Installation view of 《Tyltyl Mytyl》 (Plan B Project Space, 2021) © Plan B Project Space

In The Blue Bird, a play by Belgian playwright and poet Maurice Maeterlinck, the main characters are the siblings Tyltyl and Mytyl. In Korea, they are known as Chirr-Chirr and Michil, names transliterated from the Japanese translation. The Blue Bird, which tells the story of Tyltyl and Mytyl’s adventure in search of the blue bird, contains the lesson that hope is not far away, but close at hand.

The title of photographer Dongkyung Kwak’s first solo exhibition, held at Plan B Project Space in Seodaemun until the 23rd, is 《Tyltyl Mytyl》(Plan B Project Space, 2021).

Kwak’s landscape photographs are not images that try to cram things in or fill the frame. They are things that cannot be spoken, things that are empty. The artist seeks to collect small, passing, “continuous and ordinary” things from his surroundings.

Every act of searching for the possibility that photography can function within this self-imposed limit resembles the hope of The Blue Bird. The photographs, which contain only minimal indications without a clear narrative, can feel unfamiliar, much like the names “Tyltyl” and “Mytyl.”

Kwak removes temporality and excludes symbolic elements. Rather than spectacular images, he concentrates on observing things that are plain. He photographs and collects images by erasing narrative methods and leaving the process to chance.

Dongkyung Kwak, 510kilometer #1, 2021, Single channel video, B&W, 3min 40sec. © Dongkyung Kwak

Through the collected images, he seeks to speak of things without meaning, the remainders of meaning, and things that have been neutrally abandoned. In other words, he lets go of the obsession that photography must deliver a message and form a narrative.

“If photography speaks of something historical, would it not be the photograph itself that speaks, rather than me?” This is the artist’s blue-bird-like hope.

The exhibition presents around 40 selected representative works from the series '510 kilometer,' 'LAND landscape,' 'Remainder Theorem,' and 'Exhalation,' which the artist has produced over the past ten years, through photography and video works.

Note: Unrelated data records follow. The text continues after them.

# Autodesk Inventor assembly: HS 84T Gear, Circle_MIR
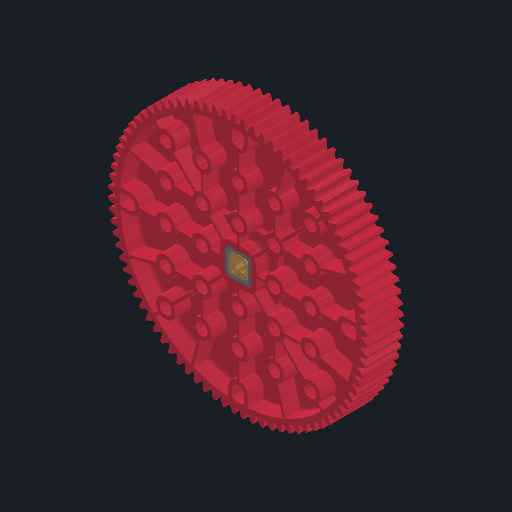
[picture p0: Inventor's stored thumbnail of the model, 512x512]
Saved by Autodesk Inventor 2024 (Build 280153000, 153)
## iProperties
Created: 2022-08-02
Part Number: HS 84T Gear, Circle_MIR
Document SubType Name: Assembly
Designer: macbook
Author: ylu12
## Documents named in this file (3)
- \\Mac\Home\Desktop\code\7899V-VRC-OVER-UNDER\Cad\VEX-CAD-Inventor-1.4.0\Motion\Gears\HS Gear\HS 84T Gear, Circle_MIR.iam
- \\Mac\Home\Desktop\code\7899V-VRC-OVER-UNDER\Cad\VEX-CAD-Inventor-1.4.0\Motion\HS Shaft Adapter Circle_MIR.ipt
- \\Mac\Home\Desktop\code\7899V-VRC-OVER-UNDER\Cad\VEX-CAD-Inventor-1.4.0\Motion\Gears\Reference Files\HS 84T Gear, No Insert_MIR.ipt
## Components (2 placed, 2 different names)
1. HS Shaft Adapter Circle_MIR:1 — Flush:1, Mate:2, Mate:1
2. HS 84T Gear, No Insert_MIR:1 — Mate:18, Mate:17, Flush:9
## Relationships (6: Mate 4, Flush 2)
- Flush:1 (-6.35 mm): HS Shaft Adapter Circle_MIR:1
- Mate:2: HS Shaft Adapter Circle_MIR:1
- Mate:1: HS Shaft Adapter Circle_MIR:1
- Mate:18: HS 84T Gear, No Insert_MIR:1
- Mate:17: HS 84T Gear, No Insert_MIR:1
- Flush:9: HS 84T Gear, No Insert_MIR:1

The 'Exhalation' series is a series of seascapes photographed by breathing onto the lens, creating an effect that resembles the use of a filter. The 'Remainder Theorem' series consists of landscapes that the artist found interesting—ordinary and continuous, yet somehow unusual. Its first subject was the railroad apartment building in front of Mindungsan Station in Taebaek.

The series began when the artist saw an enormous number of banners hung around the railroad apartment, one of the old and worn apartment buildings in the declining Taebaek region after the downturn of the coal industry, in proportion to the desire for redevelopment.

Alongside his question of whether photography should contain a social message, the series became an opportunity for the artist to reaffirm his attitude toward his own photography. Through it, he formed an artistic attitude that seeks to speak of things without meaning, the remainders of meaning, and things that have been neutrally abandoned. 

Dongkyung Kwak, LAND Landscape #2, 2021, Pigment print, 40.6x50.8cm © Dongkyung Kwak

The 'LAND Landscape' series begins from memories of the artist’s childhood. It was made as he suddenly looked back on his childhood memories of begging his father, who had to go to work seven days a week without a day off, to take him to an amusement park.

“I realized that I had taken away my father’s rest, while also forcing my mother to work in his place.”

The artist deliberately shoots on cloudy or foggy days, tries to remove as much saturation as possible, or adds the labor of changing already-taken photographs to the desired colors through post-production.

'510kilometer' is a work from the period when the artist was thinking about what he should photograph. At the time, believing that photography should naturally record a social message, he began photographing the Nakdong River, where the Four Major Rivers Project was then in full swing.

Because the artist’s hometown is Busan, the place was also familiar to him, and it was an appropriate subject for exploring how things operate when he tried to “cram a message into” the photograph. Geographically, the work was made as he walked and photographed from Busan to Andong, where a major tributary of the Nakdong River begins. He photographed it on black-and-white film over approximately three years.

Dongkyung Kwak graduated from the Department of Photography, Video and Media at Sangmyung University and studied Visual Culture at the Graduate School of Korea University. He explores the point where outer landscapes and inner landscapes overlap, and quietly gives voice to the fact that photography cannot hold reality in place. He is currently interested in paradoxical phenomena that are clear yet invisible.